Allah senantiasa Maha Pengasih dan Penyayang, maka sesuai dengan kasih sayang-Nya tersebut, Dia tidak akan membiarkan makhluknya dalam kebingungan tanpa adanya pembimbing untuk mengamalkan hukum-hukumnya. Karena dengan mengamalkan hukum-hukum-Nya manusia dapat meningkatkan dirinya menuju derajat insan kamil (manusia sempurna). Karena itu Dia akan mengutus seseorang untuk manjadi pembimbing, inilah yang dikenal dengan Rasul atau Nabi.
3.   Argumentasi Kesempurnaan.
Sesuai dengan hikmah penciptaan bahwa manusia mestilah mencapai kesempurnaan untuk memperoleh kebahagiaan hakiki. Karena manusia diharapkan untuk mencapai kesempurnaan, dan kesempurnaan akan tercapai jika sesuai atau mengikuti jalan-jalan yang digariskan Allah, maka untuk memberitahukan dan membimbing manusia ke jalan yang sempurna itu, Allah mengutus Nabi atau Rasul.
4.     Argumentasi Keadilan.
Allah Maha Adil, artinya tidak menzhalimi hamba-Nya dan menempatkan sesuatu pada tempatnya. Adalah suatu kezhaliman membiarkan ciptaan-Nya dalam keadaan bingung dan tidak mengetahui aturan-aturan kehidupan, karenanya berdasarkan keadilan tersebut, ia mesti mengutus seseorang untuk menjadi pembimbing umat manusia.
            Argimentasi-argumentasi di atas menunjukkan dengan jelas akan pentingnya posisi kenabian dalam hidup dan kehidupan manusia. Dan argumentasi-argumentasi rasional diatas, juga didukung banyak ayat-ayat al-Quran, yang menegaskan bahwa Allah telah mengutus para Nabi dan Rasul untuk membimbing umat manusia dan menuntun mereka mencapai kesempurnaan hakiki dan kebahagiaan abadi.
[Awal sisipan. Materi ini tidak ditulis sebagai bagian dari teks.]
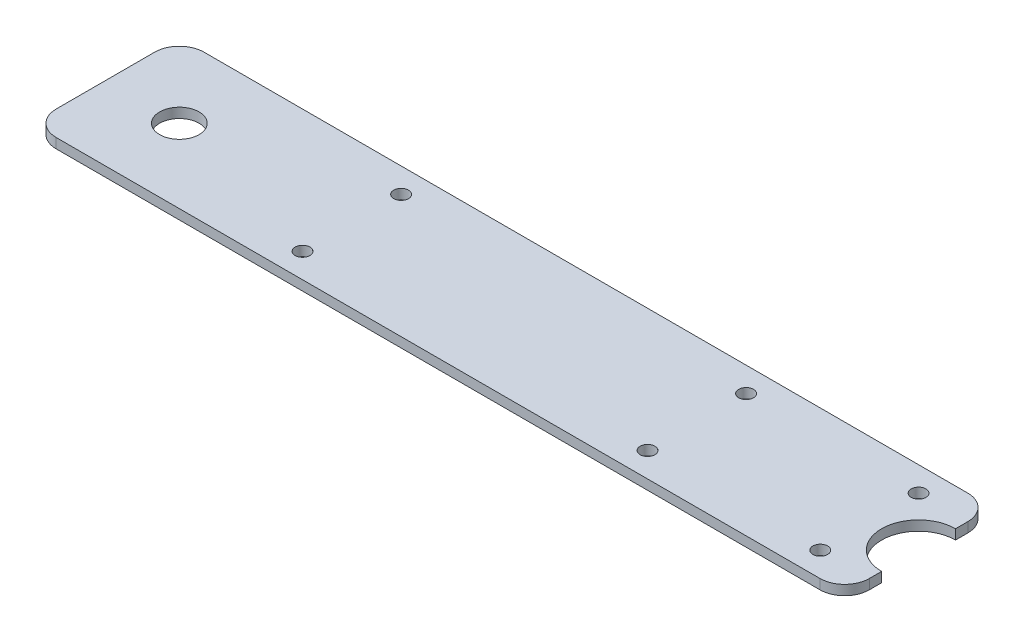
from build123d import *

# Parameters (mm, degrees)
SKETCH1_W           = 165
SKETCH1_H           = 30
BOSS_EXTRUDE1_DEPTH = 2
FILLET1_R           = 5
SKETCH3_R           = 4
CUT_EXTRUDE1_DEPTH  = 2
SKETCH4_R           = 7.5
CUT_EXTRUDE2_DEPTH  = 10
SKETCH5_R           = 1.5
CUT_EXTRUDE3_DEPTH  = 10
SKETCH6_R           = 1.5
CUT_EXTRUDE4_DEPTH  = 84.876397157


with BuildPart() as part:
    # Sketch1 → Boss-Extrude1 (new body)
    with BuildSketch(Plane(origin=(0, 0, 0), x_dir=(1, 0, 0), z_dir=(0, 1, 0))):
        Rectangle(SKETCH1_W, SKETCH1_H)
    extrude(amount=BOSS_EXTRUDE1_DEPTH)

    # Fillet1
    fillet1_edges = [part.edges().sort_by_distance(p)[0] for p in [
        (82.5, 1, 15),
        (-82.5, 1, 15),
        (-82.5, 1, -15),
        (82.5, 1, -15),
    ]]
    fillet(fillet1_edges, radius=FILLET1_R)

    # Sketch3 → Cut-Extrude1 (cut)
    with BuildSketch(Plane(origin=(0, 2, 0), x_dir=(1, 0, 0), z_dir=(0, 1, 0))):
        with Locations(Location((-67.5, 0, 0), (0, 0, 270))):
            Circle(SKETCH3_R)
    extrude(amount=-CUT_EXTRUDE1_DEPTH, mode=Mode.SUBTRACT)

    # Sketch4 → Cut-Extrude2 (cut)
    with BuildSketch(Plane(origin=(0, 2, 0), x_dir=(1, 0, 0), z_dir=(0, 1, 0))):
        with Locations((82.5, 0)):
            Circle(SKETCH4_R)
    extrude(amount=-CUT_EXTRUDE2_DEPTH, mode=Mode.SUBTRACT)

    # Sketch5 → Cut-Extrude3 (cut)
    with BuildSketch(Plane(origin=(0, 2, 0), x_dir=(1, 0, 0), z_dir=(0, 1, 0))):
        with Locations(Location((-32.5, 10, 0), (0, 0, 270))):
            Circle(SKETCH5_R)
        with Locations(Location((37.5, 10, 0), (0, 0, 270))):
            Circle(SKETCH5_R)
        with Locations(Location((-32.5, -10, 0), (0, 0, 270))):
            Circle(SKETCH5_R)
        with Locations(Location((37.5, -10, 0), (0, 0, 270))):
            Circle(SKETCH5_R)
    extrude(amount=-CUT_EXTRUDE3_DEPTH, mode=Mode.SUBTRACT)

    # Sketch6 → Cut-Extrude4 (cut, through all)
    with BuildSketch(Plane(origin=(0, 2, 0), x_dir=(1, 0, 0), z_dir=(0, 1, 0))):
        with Locations(Location((72.5, 10, 0), (0, 0, 270))):
            Circle(SKETCH6_R)
        with Locations(Location((72.555859106, -10, 0), (0, 0, 270))):
            Circle(SKETCH6_R)
    extrude(amount=-CUT_EXTRUDE4_DEPTH, mode=Mode.SUBTRACT)


solid = part.part

Seandainya para nabi itu tidak diutus maka tujuan penciptaan manusia tidak akan tercapai dan manusia akan tenggelam dalam kesesatan.

3.   DERAJAT DAN PENETAPAN KENABIAN
            Kenabian merupakan ikhtiar dua arah, yakni ikhtiar manusia sebagai utusan dan ikhtiar Allah swt sebagai pengutus. Inilah yang dikenal dengan istilah ‘derajat kenabian’ dan ‘gelar kenabian’.
            Derajat kenabian adalah kondisi tertentu yang dimiliki oleh seseorang sehingga memenuhi syarat untuk menjadi Nabi, sedangkan gelar kenabian merupakan pelantikan dari Tuhan terhadap seseorang yang pantas dengan pilihan Tuhan untuk menjadi Nabi yang diutus kepada umat manusia. Dengan demikian derajat kenabian merupakan ikhtiar manusia sedangkan pangkat kenabian merupakan pelantikan yang sepenuhnya hak Allah swt untuk mengangkat siapa yang dikehendaki-Nya(Mishbah Yazdi 2005:197).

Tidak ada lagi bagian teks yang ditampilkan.